**Task to carry out:**
Reproduce the material below only from the line with "line L12 (-9.5967, 7.1725)" to the line with "plane through (-162.6, 0, 0)", both included, keeping each line exact and dropping the pictures.

*** Data to examine

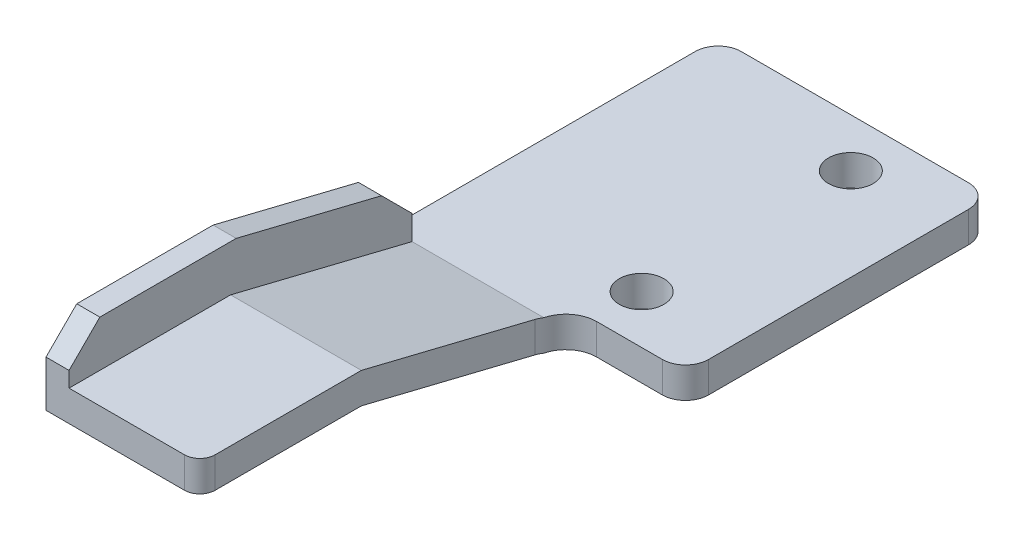
SolidWorks part; units mm, degrees
ref_plane "Front Plane" through (0, 0, 0) normal (0, 0, 1) x (1, 0, 0)
ref_plane "Top Plane" through (0, 0, 0) normal (0, 1, 0) x (1, 0, 0)
ref_plane "Right Plane" through (0, 0, 0) normal (1, 0, 0) x (0, 0, -1)
sketch "Sketch1" plane through (0, 0, 0) normal (0, 1, 0) x (1, 0, 0)
  line L0 (2.885, 6.8) -> (2.885, -6.8) construction
  line L1 (8.885, 9.95) -> (-8.885, 9.95)
  line L2 (8.885, 9.95) -> (8.885, -9.95)
  line L3 (8.885, -9.95) -> (-8.885, -9.95)
  line L4 (-8.885, 9.95) -> (-8.885, -9.95)
  line L5 (8.885, 9.95) -> (-8.885, -9.95) construction
  line L6 (8.885, -9.95) -> (-8.885, 9.95) construction
  circle A0 centre (2.885, 6.8) radius 1.45
  circle A1 centre (2.885, -6.8) radius 1.45
  point P0 (0, 0)
  point P8 (2.885, 0)
  dimension "D3" = 6
  dimension "D5" = 2.9
  dimension "D1" = 19.9
  dimension "D2" = 13.6
  dimension "D4" = 11.77
extrude "Boss-Extrude1" add sketch "Sketch1" along normal blind 2
sketch "Sketch2" plane through (-8.885, 0, 0) normal (-1, 0, 0) x (0, 0, 1)
  line L0 (9.95, 2) -> (11.45, 2)
  line L1 (11.45, 2) -> (23.25, 4.9)
  line L2 (23.25, 4.9) -> (33.75, 4.9)
  line L3 (9.95, 0) -> (11.45, 0)
  line L4 (11.45, 0) -> (23.25, 2.9)
  line L5 (23.25, 2.9) -> (33.75, 2.9)
  line L6 (33.75, 2.9) -> (33.75, 4.9)
  line L7 (11.45, 2) -> (11.45, 0) construction
  line L8 (23.25, 2.9) -> (23.25, 4.9) construction
  line L9 (-9.95, 0) -> (9.95, 0) construction
  line L10 (9.95, 2) -> (9.95, 0)
  dimension "D1" = 2.9
  dimension "D2" = 2
  dimension "D3" = 13.3
  dimension "D4" = 10.5
  dimension "D5" = 1.5
extrude "Boss-Extrude2" add sketch "Sketch2" against normal blind 10
sketch "Sketch4" plane through (-8.885, 0, 0) normal (-1, 0, 0) x (0, 0, 1)
  line L0 (33.75, 4.9) -> (23.25, 4.9) construction
  line L1 (23.25, 4.9) -> (11.45, 2) construction
  line L2 (33.75, 4.9) -> (23.25, 4.9)
  line L3 (23.25, 4.9) -> (11.45, 2)
  line L6 (33.75, 7.9) -> (22.8868, 7.9)
  line L7 (22.8868, 7.9) -> (11.45, 5.0893)
  line L9 (33.75, 4.9) -> (33.75, 7.9)
  line L11 (-8.8807, 10.0858) -> (11.45, 5.0893) construction
  line L12 (-9.5967, 7.1725) -> (11.45, 2) construction
  line L13 (11.45, 5.0893) -> (11.45, 2)
  dimension "D1" = 3
extrude "Boss-Extrude4" add sketch "Sketch4" against normal blind 1.5
chamfer "Chamfer1" distance 2 angle 45 1 edges at (-8.135, 7.9, 33.75)
chamfer "Chamfer2" distance 1.5 angle 45 1 edges at (-8.135, 5.0893, 11.45)
fillet "Fillet1" radius 1.5 3 edges at (8.885, 1, 9.95) (8.885, 1, -9.95) (-8.885, 1, -9.95)
fillet "Fillet2" radius 1 1 edges at (1.115, 3.9, 33.75)
fillet "Fillet3" radius 2 1 edges at (1.115, 1, 9.95)
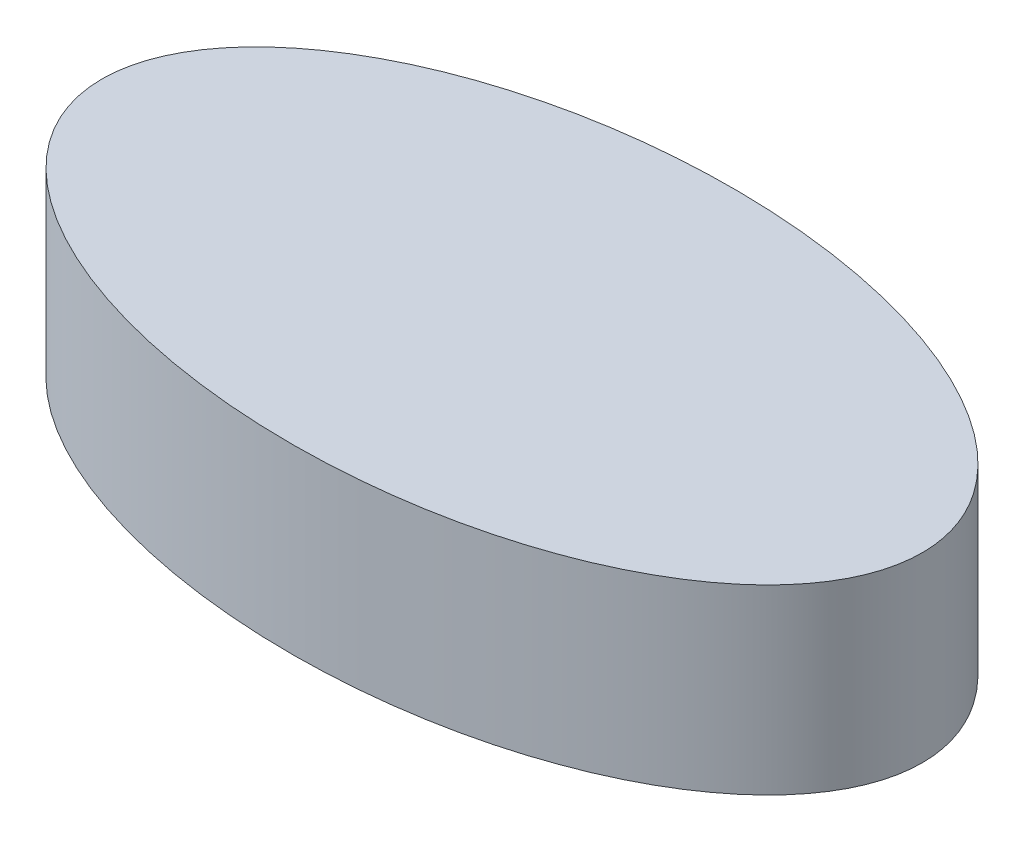
SolidWorks part; units mm, degrees
ref_plane "Front Plane" through (0, 0, 0) normal (0, 0, 1) x (1, 0, 0)
ref_plane "Top Plane" through (0, 0, 0) normal (0, 1, 0) x (1, 0, 0)
ref_plane "Right Plane" through (0, 0, 0) normal (1, 0, 0) x (0, 0, -1)
sketch "Sketch1" plane through (0, 0, 0) normal (0, 1, 0) x (1, 0, 0)
  ellipse E0 centre (0, 0) end of major axis (-338.1787, 0) minor radius 182.2594
  point P1 (277.8633, 0)
  point P7 (0, 158.4731)
  point P9 (323.737, 0)
  point P10 (0, 182.2594)
  point P11 (338.1787, 0)
extrude "Boss-Extrude1" add sketch "Sketch1" along normal blind 150
ref_plane "Plane1" through (162.6, 0, 0) normal (1, 0, 0) x (0, 0, -1)
sketch "Sketch3" plane through (162.6, 0, 0) normal (1, 0, 0) x (0, 0, -1)
  line L0 (0, 0) -> (0, 60)
  line L1 (-182.2594, 0) -> (182.2594, 0) construction
  line L2 (60, 0) -> (0, 0)
  arc A0 (0, 60) -> (60, 0) centre (0, 0) cw
  dimension "D1" = 60
  dimension "D2" = 60
revolve "Cut-Revolve2" cut sketch "Sketch3" angle 360 about L0
sketch "Sketch4" plane through (0, 150, 0) normal (0, 1, 0) x (1, 0, 0)
  ellipse E0 centre (0, 0) end of major axis (-338.1787, 0) minor radius 182.2594 construction
  point P0 (0, -182.2594)
  point P1 (338.1787, 0)
  point P8 (0, 182.2594)
  point P9 (-338.1787, 0)
ref_plane "Plane2" through (-162.6, 0, 0) normal (1, 0, 0) x (0, 0, -1)
sketch "Sketch5" plane through (-162.6, 0, 0) normal (1, 0, 0) x (0, 0, -1)
  line L0 (0, 0) -> (0, 60)
  line L1 (60, 0) -> (0, 0)
  arc A0 (0, 60) -> (60, 0) centre (0, 0) cw
  dimension "D1" = 60
  dimension "D2" = 60
revolve "Cut-Revolve3" cut sketch "Sketch5" angle 360 about L0

******

**Final answer:**
  line L12 (-9.5967, 7.1725) -> (11.45, 2) construction
  line L13 (11.45, 5.0893) -> (11.45, 2)
  dimension "D1" = 3
extrude "Boss-Extrude4" add sketch "Sketch4" against normal blind 1.5
chamfer "Chamfer1" distance 2 angle 45 1 edges at (-8.135, 7.9, 33.75)
chamfer "Chamfer2" distance 1.5 angle 45 1 edges at (-8.135, 5.0893, 11.45)
fillet "Fillet1" radius 1.5 3 edges at (8.885, 1, 9.95) (8.885, 1, -9.95) (-8.885, 1, -9.95)
fillet "Fillet2" radius 1 1 edges at (1.115, 3.9, 33.75)
fillet "Fillet3" radius 2 1 edges at (1.115, 1, 9.95)
SolidWorks part; units mm, degrees
ref_plane "Front Plane" through (0, 0, 0) normal (0, 0, 1) x (1, 0, 0)
ref_plane "Top Plane" through (0, 0, 0) normal (0, 1, 0) x (1, 0, 0)
ref_plane "Right Plane" through (0, 0, 0) normal (1, 0, 0) x (0, 0, -1)
sketch "Sketch1" plane through (0, 0, 0) normal (0, 1, 0) x (1, 0, 0)
  ellipse E0 centre (0, 0) end of major axis (-338.1787, 0) minor radius 182.2594
  point P1 (277.8633, 0)
  point P7 (0, 158.4731)
  point P9 (323.737, 0)
  point P10 (0, 182.2594)
  point P11 (338.1787, 0)
extrude "Boss-Extrude1" add sketch "Sketch1" along normal blind 150
ref_plane "Plane1" through (162.6, 0, 0) normal (1, 0, 0) x (0, 0, -1)
sketch "Sketch3" plane through (162.6, 0, 0) normal (1, 0, 0) x (0, 0, -1)
  line L0 (0, 0) -> (0, 60)
  line L1 (-182.2594, 0) -> (182.2594, 0) construction
  line L2 (60, 0) -> (0, 0)
  arc A0 (0, 60) -> (60, 0) centre (0, 0) cw
  dimension "D1" = 60
  dimension "D2" = 60
revolve "Cut-Revolve2" cut sketch "Sketch3" angle 360 about L0
sketch "Sketch4" plane through (0, 150, 0) normal (0, 1, 0) x (1, 0, 0)
  ellipse E0 centre (0, 0) end of major axis (-338.1787, 0) minor radius 182.2594 construction
  point P0 (0, -182.2594)
  point P1 (338.1787, 0)
  point P8 (0, 182.2594)
  point P9 (-338.1787, 0)
ref_plane "Plane2" through (-162.6, 0, 0) normal (1, 0, 0) x (0, 0, -1)
sketch "Sketch5" plane through (-162.6, 0, 0) normal (1, 0, 0) x (0, 0, -1)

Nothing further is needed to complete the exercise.